The Most Trusted AI Coding Benchmark Was Deeply Flawed All Along

OpenAI audit finds 59 per cent of hardest SWE-bench problems had broken answer keys while top models scored within one point of each other

Zotpaper2 min read
The benchmark that the entire AI industry relied on to measure coding ability has been exposed as fundamentally broken. An audit by OpenAI's Frontier Evals team found that 59.4 per cent of the hardest problems in SWE-bench Verified had flawed test cases, meaning models were being scored against incorrect answers.

SWE-bench Verified is considered the gold standard for evaluating how well AI can write code. It presents 500 real GitHub issues to AI models and checks whether their patches fix the bugs by running automated test suites.

The audit revealed multiple categories of failure. Some test cases were too narrow, marking valid fixes as wrong because they did not match the exact expected code. Others were too broad, letting any change pass. Most damning was evidence of benchmark contamination — AI models reproducing gold-standard patches word for word, suggesting they had memorised answers from training data.

The top five models scored between 80.0 and 80.9 per cent on the existing benchmark, a spread of just 0.9 points. This clustering suggests the benchmark had lost its ability to differentiate between models. A new harder version called SWE-bench Pro saw the top score drop to 57.7 per cent from GPT-5.4, restoring meaningful separation between competitors.

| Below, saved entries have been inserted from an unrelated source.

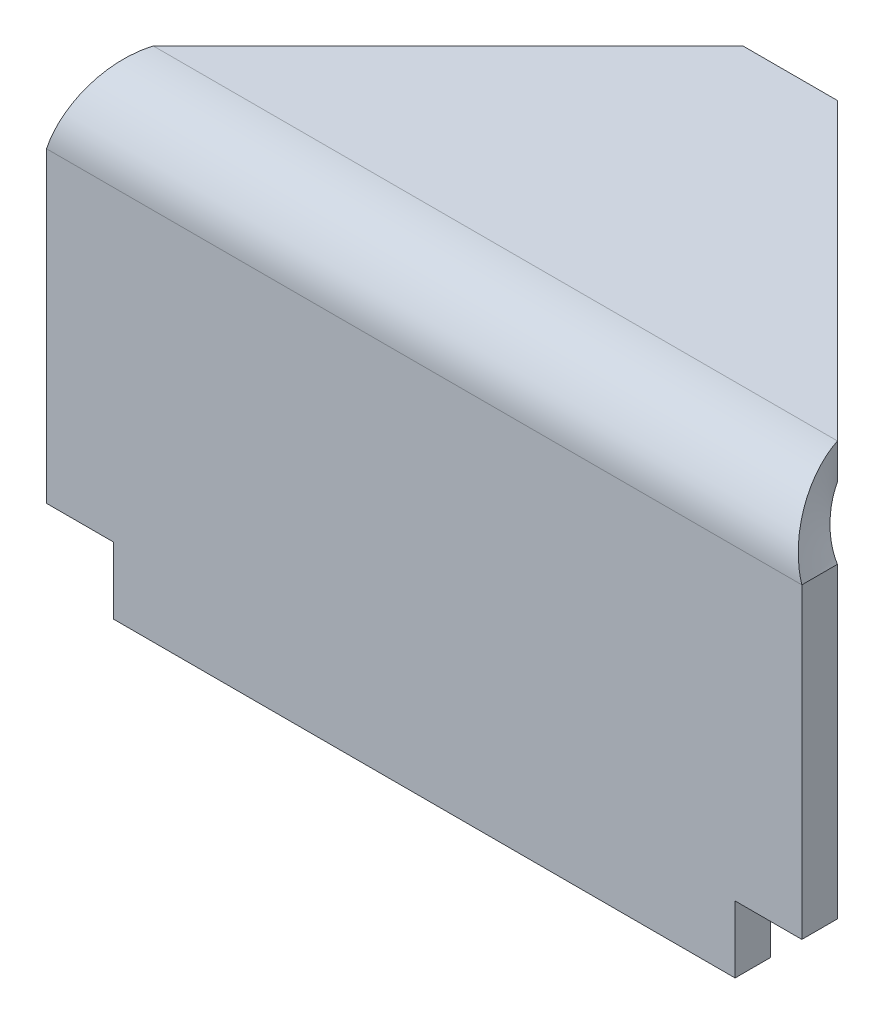
ISO-10303-21;
HEADER;
FILE_DESCRIPTION(('STEP AP214'),'2;1');
FILE_NAME('part.step','',(''),(''),'','','');
FILE_SCHEMA(('AUTOMOTIVE_DESIGN { 1 0 10303 214 1 1 1 1 }'));
ENDSEC;
DATA;
#1=APPLICATION_CONTEXT('core data for automotive mechanical design processes');
#2=APPLICATION_PROTOCOL_DEFINITION('international standard','automotive_design',2000,#1);
#3=PRODUCT_CONTEXT('',#1,'mechanical');
#4=PRODUCT('Part','Part','',(#3));
#5=PRODUCT_RELATED_PRODUCT_CATEGORY('part','',(#4));
#6=PRODUCT_DEFINITION_FORMATION('','',#4);
#7=PRODUCT_DEFINITION_CONTEXT('part definition',#1,'design');
#8=PRODUCT_DEFINITION('design','',#6,#7);
#9=PRODUCT_DEFINITION_SHAPE('','',#8);
#10=(LENGTH_UNIT() NAMED_UNIT(*) SI_UNIT(.MILLI.,.METRE.));
#11=(NAMED_UNIT(*) PLANE_ANGLE_UNIT() SI_UNIT($,.RADIAN.));
#12=(NAMED_UNIT(*) SI_UNIT($,.STERADIAN.) SOLID_ANGLE_UNIT());
#13=UNCERTAINTY_MEASURE_WITH_UNIT(LENGTH_MEASURE(1.E-05),#10,'distance_accuracy_value','');
#14=(GEOMETRIC_REPRESENTATION_CONTEXT(3) GLOBAL_UNCERTAINTY_ASSIGNED_CONTEXT((#13)) GLOBAL_UNIT_ASSIGNED_CONTEXT((#10,
#11,#12)) REPRESENTATION_CONTEXT('',''));
#15=CARTESIAN_POINT('',(0.,0.,0.));
#16=DIRECTION('',(0.,0.,1.));
#17=DIRECTION('',(1.,0.,0.));
#18=AXIS2_PLACEMENT_3D('',#15,#16,#17);
#19=CARTESIAN_POINT('',(0.,-8.,-84.8528137423857));
#20=DIRECTION('',(-0.707106781186548,0.,-0.707106781186547));
#21=DIRECTION('',(-0.707106781186547,0.,0.707106781186548));
#22=AXIS2_PLACEMENT_3D('',#19,#20,#21);
#23=PLANE('',#22);
#24=DIRECTION('',(-0.707106781186547,0.,0.707106781186548));
#25=VECTOR('',#24,1.);
#26=CARTESIAN_POINT('',(0.,0.,-84.8528137423857));
#27=LINE('',#26,#25);
#28=CARTESIAN_POINT('',(-10.6066017177983,0.,-74.2462120245875));
#29=VERTEX_POINT('',#28);
#30=CARTESIAN_POINT('',(-76.8528137423857,0.,-7.99999999999999));
#31=VERTEX_POINT('',#30);
#32=EDGE_CURVE('E178',#29,#31,#27,.T.);
#33=ORIENTED_EDGE('',*,*,#32,.F.);
#34=DIRECTION('',(0.,-1.,0.));
#35=VECTOR('',#34,1.);
#36=CARTESIAN_POINT('',(-10.6066017177983,-8.,-74.2462120245875));
#37=LINE('',#36,#35);
#38=CARTESIAN_POINT('',(-10.6066017177983,-8.,-74.2462120245875));
#39=VERTEX_POINT('',#38);
#40=EDGE_CURVE('E46',#29,#39,#37,.T.);
#41=ORIENTED_EDGE('',*,*,#40,.T.);
#42=DIRECTION('',(-0.707106781186547,0.,0.707106781186548));
#43=VECTOR('',#42,1.);
#44=CARTESIAN_POINT('',(0.,-8.,-84.8528137423857));
#45=LINE('',#44,#43);
#46=CARTESIAN_POINT('',(-76.8528137423857,-8.,-8.));
#47=VERTEX_POINT('',#46);
#48=EDGE_CURVE('E227',#39,#47,#45,.T.);
#49=ORIENTED_EDGE('',*,*,#48,.T.);
#50=DIRECTION('',(0.,1.,0.));
#51=VECTOR('',#50,1.);
#52=CARTESIAN_POINT('',(-76.8528137423857,-7.99999999999997,-8.));
#53=LINE('',#52,#51);
#54=EDGE_CURVE('E179',#47,#31,#53,.T.);
#55=ORIENTED_EDGE('',*,*,#54,.T.);
#56=EDGE_LOOP('',(#33,#41,#49,#55));
#57=FACE_BOUND('',#56,.T.);
#58=ADVANCED_FACE('F38',(#57),#23,.T.);
#59=CARTESIAN_POINT('',(84.8528137423857,-8.,0.));
#60=DIRECTION('',(0.707106781186547,0.,-0.707106781186548));
#61=DIRECTION('',(-0.707106781186548,0.,-0.707106781186547));
#62=AXIS2_PLACEMENT_3D('',#59,#60,#61);
#63=PLANE('',#62);
#64=DIRECTION('',(-0.707106781186548,0.,-0.707106781186547));
#65=VECTOR('',#64,1.);
#66=CARTESIAN_POINT('',(84.8528137423857,-8.,0.));
#67=LINE('',#66,#65);
#68=CARTESIAN_POINT('',(76.8528137423857,-8.,-8.00000000000003));
#69=VERTEX_POINT('',#68);
#70=CARTESIAN_POINT('',(10.6066017177982,-8.,-74.2462120245875));
#71=VERTEX_POINT('',#70);
#72=EDGE_CURVE('E266',#69,#71,#67,.T.);
#73=ORIENTED_EDGE('',*,*,#72,.T.);
#74=DIRECTION('',(0.,1.,0.));
#75=VECTOR('',#74,1.);
#76=CARTESIAN_POINT('',(10.6066017177982,-8.,-74.2462120245875));
#77=LINE('',#76,#75);
#78=CARTESIAN_POINT('',(10.6066017177982,0.,-74.2462120245875));
#79=VERTEX_POINT('',#78);
#80=EDGE_CURVE('E262',#71,#79,#77,.T.);
#81=ORIENTED_EDGE('',*,*,#80,.T.);
#82=DIRECTION('',(-0.707106781186548,0.,-0.707106781186547));
#83=VECTOR('',#82,1.);
#84=CARTESIAN_POINT('',(84.8528137423857,0.,0.));
#85=LINE('',#84,#83);
#86=CARTESIAN_POINT('',(76.8528137423857,0.,-8.00000000000003));
#87=VERTEX_POINT('',#86);
#88=EDGE_CURVE('E256',#87,#79,#85,.T.);
#89=ORIENTED_EDGE('',*,*,#88,.F.);
#90=DIRECTION('',(0.,1.,0.));
#91=VECTOR('',#90,1.);
#92=CARTESIAN_POINT('',(76.8528137423857,-7.99999999999997,-8.00000000000002));
#93=LINE('',#92,#91);
#94=EDGE_CURVE('E175',#69,#87,#93,.T.);
#95=ORIENTED_EDGE('',*,*,#94,.F.);
#96=EDGE_LOOP('',(#73,#81,#89,#95));
#97=FACE_BOUND('',#96,.T.);
#98=ADVANCED_FACE('F245',(#97),#63,.T.);
#99=CARTESIAN_POINT('',(0.,-8.,0.));
#100=DIRECTION('',(0.,-1.,0.));
#101=DIRECTION('',(0.,0.,-1.));
#102=AXIS2_PLACEMENT_3D('',#99,#100,#101);
#103=PLANE('',#102);
#104=ORIENTED_EDGE('',*,*,#48,.F.);
#105=DIRECTION('',(-1.,0.,0.));
#106=VECTOR('',#105,1.);
#107=CARTESIAN_POINT('',(0.,-8.,-74.2462120245875));
#108=LINE('',#107,#106);
#109=EDGE_CURVE('E11',#39,#71,#108,.F.);
#110=ORIENTED_EDGE('',*,*,#109,.T.);
#111=ORIENTED_EDGE('',*,*,#72,.F.);
#112=DIRECTION('',(-1.,0.,0.));
#113=VECTOR('',#112,1.);
#114=CARTESIAN_POINT('',(-84.8528137423857,-7.99999999999997,-8.));
#115=LINE('',#114,#113);
#116=EDGE_CURVE('E167',#47,#69,#115,.F.);
#117=ORIENTED_EDGE('',*,*,#116,.F.);
#118=EDGE_LOOP('',(#104,#110,#111,#117));
#119=FACE_BOUND('',#118,.T.);
#120=ADVANCED_FACE('F235',(#119),#103,.T.);
#121=CARTESIAN_POINT('',(0.,0.,0.));
#122=DIRECTION('',(0.,-1.,0.));
#123=DIRECTION('',(0.,0.,-1.));
#124=AXIS2_PLACEMENT_3D('',#121,#122,#123);
#125=PLANE('',#124);
#126=ORIENTED_EDGE('',*,*,#88,.T.);
#127=DIRECTION('',(1.,0.,0.));
#128=VECTOR('',#127,1.);
#129=CARTESIAN_POINT('',(10.6066017177982,0.,-74.2462120245875));
#130=LINE('',#129,#128);
#131=EDGE_CURVE('E60',#79,#29,#130,.F.);
#132=ORIENTED_EDGE('',*,*,#131,.T.);
#133=ORIENTED_EDGE('',*,*,#32,.T.);
#134=DIRECTION('',(-1.,0.,0.));
#135=VECTOR('',#134,1.);
#136=CARTESIAN_POINT('',(-84.8528137423857,0.,-7.99999999999999));
#137=LINE('',#136,#135);
#138=EDGE_CURVE('E171',#31,#87,#137,.F.);
#139=ORIENTED_EDGE('',*,*,#138,.T.);
#140=EDGE_LOOP('',(#126,#132,#133,#139));
#141=FACE_BOUND('',#140,.T.);
#142=ADVANCED_FACE('F244',(#141),#125,.F.);
#143=CARTESIAN_POINT('',(76.8528137423857,0.080000000000026,-8.00000000000004));
#144=CARTESIAN_POINT('',(77.5195897851141,0.0800000000000273,-5.89478796351405));
#145=CARTESIAN_POINT('',(78.186147075719,-0.338519359173458,-3.79109401950281));
#146=CARTESIAN_POINT('',(79.5194804090524,-1.94951487526351,0.0981932043640329));
#147=CARTESIAN_POINT('',(80.186147075719,-3.14135717423723,1.8819112571966));
#148=CARTESIAN_POINT('',(81.5194804090524,-6.11808874280334,4.85864282576271));
#149=CARTESIAN_POINT('',(82.1861470757191,-7.90180679563591,6.05048512473644));
#150=CARTESIAN_POINT('',(83.5194804090524,-11.7910940195027,7.66148064082649));
#151=CARTESIAN_POINT('',(84.1860376996573,-13.894787963514,8.07999999999997));
#152=CARTESIAN_POINT('',(84.8528137423857,-16.,8.07999999999997));
#153=CARTESIAN_POINT('',(76.8528137423857,0.,-8.00000000000004));
#154=CARTESIAN_POINT('',(77.5195895490439,0.,-5.90526202421113));
#155=CARTESIAN_POINT('',(78.186147075719,-0.416437173306923,-3.81203385025155));
#156=CARTESIAN_POINT('',(79.5194804090524,-2.01941778633185,0.057903685934361));
#157=CARTESIAN_POINT('',(80.186147075719,-3.20533052162909,1.83274751959861));
#158=CARTESIAN_POINT('',(81.5194804090524,-6.16725248040133,4.79466947837086));
#159=CARTESIAN_POINT('',(82.1861470757191,-7.94209631406558,5.9805822136681));
#160=CARTESIAN_POINT('',(83.5194804090524,-11.8120338502515,7.58356282669302));
#161=CARTESIAN_POINT('',(84.1860379357275,-13.9052620242111,7.99999999999997));
#162=CARTESIAN_POINT('',(84.8528137423857,-16.,7.99999999999997));
#163=CARTESIAN_POINT('',(76.8528137423857,-7.99999999999997,-8.00000000000003));
#164=CARTESIAN_POINT('',(77.5195659420278,-7.99999999999997,-6.95266809391979));
#165=CARTESIAN_POINT('',(78.186147075719,-8.20821858665345,-5.90601692512579));
#166=CARTESIAN_POINT('',(79.5194804090524,-9.00970889316591,-3.97104815703283));
#167=CARTESIAN_POINT('',(80.186147075719,-9.60266526081453,-3.08362624020071));
#168=CARTESIAN_POINT('',(81.5194804090524,-11.0836262402007,-1.60266526081459));
#169=CARTESIAN_POINT('',(82.1861470757191,-11.9710481570328,-1.00970889316596));
#170=CARTESIAN_POINT('',(83.5194804090524,-13.9060169251257,-0.208218586653501));
#171=CARTESIAN_POINT('',(84.1860615427436,-14.9526680939197,0.));
#172=CARTESIAN_POINT('',(84.8528137423857,-16.,0.));
#173=CARTESIAN_POINT('',(76.8528137423857,-8.08079999999998,-8.00000000000003));
#174=CARTESIAN_POINT('',(77.519565703597,-8.08079999999998,-6.96324689522385));
#175=CARTESIAN_POINT('',(78.186147075719,-8.28691557892825,-5.92716615418202));
#176=CARTESIAN_POINT('',(79.5194804090524,-9.08031083334493,-4.0117405706468));
#177=CARTESIAN_POINT('',(80.186147075719,-9.6672783416803,-3.13328161517468));
#178=CARTESIAN_POINT('',(81.5194804090524,-11.1332816151746,-1.66727834168036));
#179=CARTESIAN_POINT('',(82.1861470757191,-12.0117405706467,-1.08031083334499));
#180=CARTESIAN_POINT('',(83.5194804090524,-13.927166154182,-0.286915578928301));
#181=CARTESIAN_POINT('',(84.1860617811744,-14.9632468952238,-0.0808000000000276));
#182=CARTESIAN_POINT('',(84.8528137423857,-16.,-0.0808000000000278));
#183=B_SPLINE_SURFACE_WITH_KNOTS('',1,3,((#143,#144,#145,#146,#147,#148,#149,#150,#151,#152),
(#153,#154,#155,#156,#157,#158,#159,#160,#161,#162),(#163,#164,#165,#166,#167,#168,#169,#170,
#171,#172),(#173,#174,#175,#176,#177,#178,#179,#180,#181,#182)),.UNSPECIFIED.,.F.,.F.,.F.,(2,1,
1,2),(4,2,2,2,4),(-0.01,0.,1.,1.0101),(0.,0.25,0.5,0.75,1.),.UNSPECIFIED.);
#184=DIRECTION('',(0.,0.,1.));
#185=VECTOR('',#184,1.);
#186=CARTESIAN_POINT('',(84.8528137423857,-16.,0.));
#187=LINE('',#186,#185);
#188=CARTESIAN_POINT('',(84.8528137423857,-15.9999999999999,0.));
#189=VERTEX_POINT('',#188);
#190=CARTESIAN_POINT('',(84.8528137423857,-15.9999999999999,7.99999999999997));
#191=VERTEX_POINT('',#190);
#192=EDGE_CURVE('E283',#189,#191,#187,.T.);
#193=CARTESIAN_POINT('',(76.8528137423857,-7.99999999999997,-8.00000000000003));
#194=CARTESIAN_POINT('',(76.9749189400977,-7.99998738498239,-7.80820315116032));
#195=CARTESIAN_POINT('',(77.0970243577444,-8.00689689739085,-7.61640815139459));
#196=CARTESIAN_POINT('',(77.3412292631348,-8.03446882717196,-7.2338127074068));
#197=CARTESIAN_POINT('',(77.4633287509491,-8.05513086442409,-7.04301223584283));
#198=CARTESIAN_POINT('',(77.707522144721,-8.11011649611955,-6.6633860446777));
#199=CARTESIAN_POINT('',(77.8296160506801,-8.14444008695765,-6.47456032455543));
#200=CARTESIAN_POINT('',(78.0736248447141,-8.22650560001264,-6.10014240831911));
#201=CARTESIAN_POINT('',(78.1955397307061,-8.27422761798111,-5.9145458461419));
#202=CARTESIAN_POINT('',(78.4393717022721,-8.38286335616471,-5.54726700202294));
#203=CARTESIAN_POINT('',(78.5612887873735,-8.4437763652548,-5.36558450965436));
#204=CARTESIAN_POINT('',(78.8051041750122,-8.57847035141285,-5.0070798345975));
#205=CARTESIAN_POINT('',(78.9270024782729,-8.65225032430575,-4.83025727387179));
#206=CARTESIAN_POINT('',(79.218936261308,-8.84391362495795,-4.41367646753827));
#207=CARTESIAN_POINT('',(79.3889844909762,-8.96771147885369,-4.17661908006798));
#208=CARTESIAN_POINT('',(79.7290727908021,-9.23840213503381,-3.71605717089866));
#209=CARTESIAN_POINT('',(79.8991128579397,-9.38529750901114,-3.49255416219737));
#210=CARTESIAN_POINT('',(80.2391001143304,-9.70060065685136,-3.06149570812018));
#211=CARTESIAN_POINT('',(80.4090472942256,-9.86899475159644,-2.85393025539158));
#212=CARTESIAN_POINT('',(80.7489421939448,-10.2256813820518,-2.45667015261631));
#213=CARTESIAN_POINT('',(80.9188899137652,-10.4139738533153,-2.26697544469372));
#214=CARTESIAN_POINT('',(81.2587720685316,-10.8085596734352,-1.90736531709746));
#215=CARTESIAN_POINT('',(81.4287065035438,-11.0148517105418,-1.73744845818148));
#216=CARTESIAN_POINT('',(81.7685686452424,-11.443396982379,-1.41907140620825));
#217=CARTESIAN_POINT('',(81.9384963515758,-11.6656506939236,-1.27061185453226));
#218=CARTESIAN_POINT('',(82.2784167006783,-12.1239454252777,-0.996607359126772));
#219=CARTESIAN_POINT('',(82.4484093468098,-12.3599908394198,-0.87106977196313));
#220=CARTESIAN_POINT('',(82.788383257162,-12.8434319366419,-0.64423009159432));
#221=CARTESIAN_POINT('',(82.9583645204965,-13.090826333482,-0.542925260011286));
#222=CARTESIAN_POINT('',(83.2721040786101,-13.5556516805042,-0.379227125741147));
#223=CARTESIAN_POINT('',(83.4158663688316,-13.7718243718864,-0.313243090472209));
#224=CARTESIAN_POINT('',(83.7033707934883,-14.2089645876502,-0.199796503644891));
#225=CARTESIAN_POINT('',(83.8471129283668,-14.4299315679775,-0.152331861996371));
#226=CARTESIAN_POINT('',(84.13450160139,-14.8749283514481,-0.0762947037190452));
#227=CARTESIAN_POINT('',(84.2781481365561,-15.0989559196096,-0.0477090822954684));
#228=CARTESIAN_POINT('',(84.5654669162563,-15.5486543535626,-0.00954830364290483));
#229=CARTESIAN_POINT('',(84.7091391614521,-15.7743254573621,2.4042942755739E-05));
#230=CARTESIAN_POINT('',(84.8528137423857,-16.,0.));
#231=B_SPLINE_CURVE_WITH_KNOTS('',3,(#193,#194,#195,#196,#197,#198,#199,#200,#201,#202,#203,
#204,#205,#206,#207,#208,#209,#210,#211,#212,#213,#214,#215,#216,#217,#218,#219,#220,#221,#222,
#223,#224,#225,#226,#227,#228,#229,#230),.UNSPECIFIED.,.F.,.F.,(4,2,2,2,2,2,2,2,2,2,2,2,2,2,2,2,
2,2,4),(0.,0.681993655959275,1.3639684623603,2.04594308879171,2.72690990929965,3.4078400280874,
4.08871702888055,5.03828930648889,5.987967385056,6.93704419006551,7.8861179213033,
8.83512254481493,9.78415552919938,10.7334925625186,11.6827222670239,12.4856593054104,
13.2885056984665,14.0907942115984,14.893201314458),.UNSPECIFIED.);
#232=EDGE_CURVE('E170',#69,#189,#231,.T.);
#233=CARTESIAN_POINT('',(76.8528137423857,0.,-8.00000000000004));
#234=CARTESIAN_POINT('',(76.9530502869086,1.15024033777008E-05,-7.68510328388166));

The findings come from a comprehensive review covering 21 major AI research findings from February and March 2026, which also identified similar trust issues across other benchmarks used to evaluate AI capabilities.

Analysis

Why This Matters

Companies and researchers have been making product decisions, investment choices, and capability claims based on SWE-bench scores for over a year. If the benchmark itself was broken, those decisions were built on sand.

Background

Benchmark integrity is a recurring problem in AI. Models are increasingly trained on data that includes benchmark answers, creating a feedback loop where scores go up but real-world ability does not. The contamination issue found here — models reproducing exact patches — is particularly concerning.

Key Perspectives

The near-identical scores at the top suggest a ceiling effect rather than genuine capability convergence. When the hardest problems have broken answer keys, the benchmark effectively becomes a test of memorisation rather than engineering skill.

What to Watch

SWE-bench Pro aims to fix these issues with harder problems and better test validation. Whether the industry adopts it quickly or continues citing the old numbers will say a lot about how seriously the field takes evaluation integrity.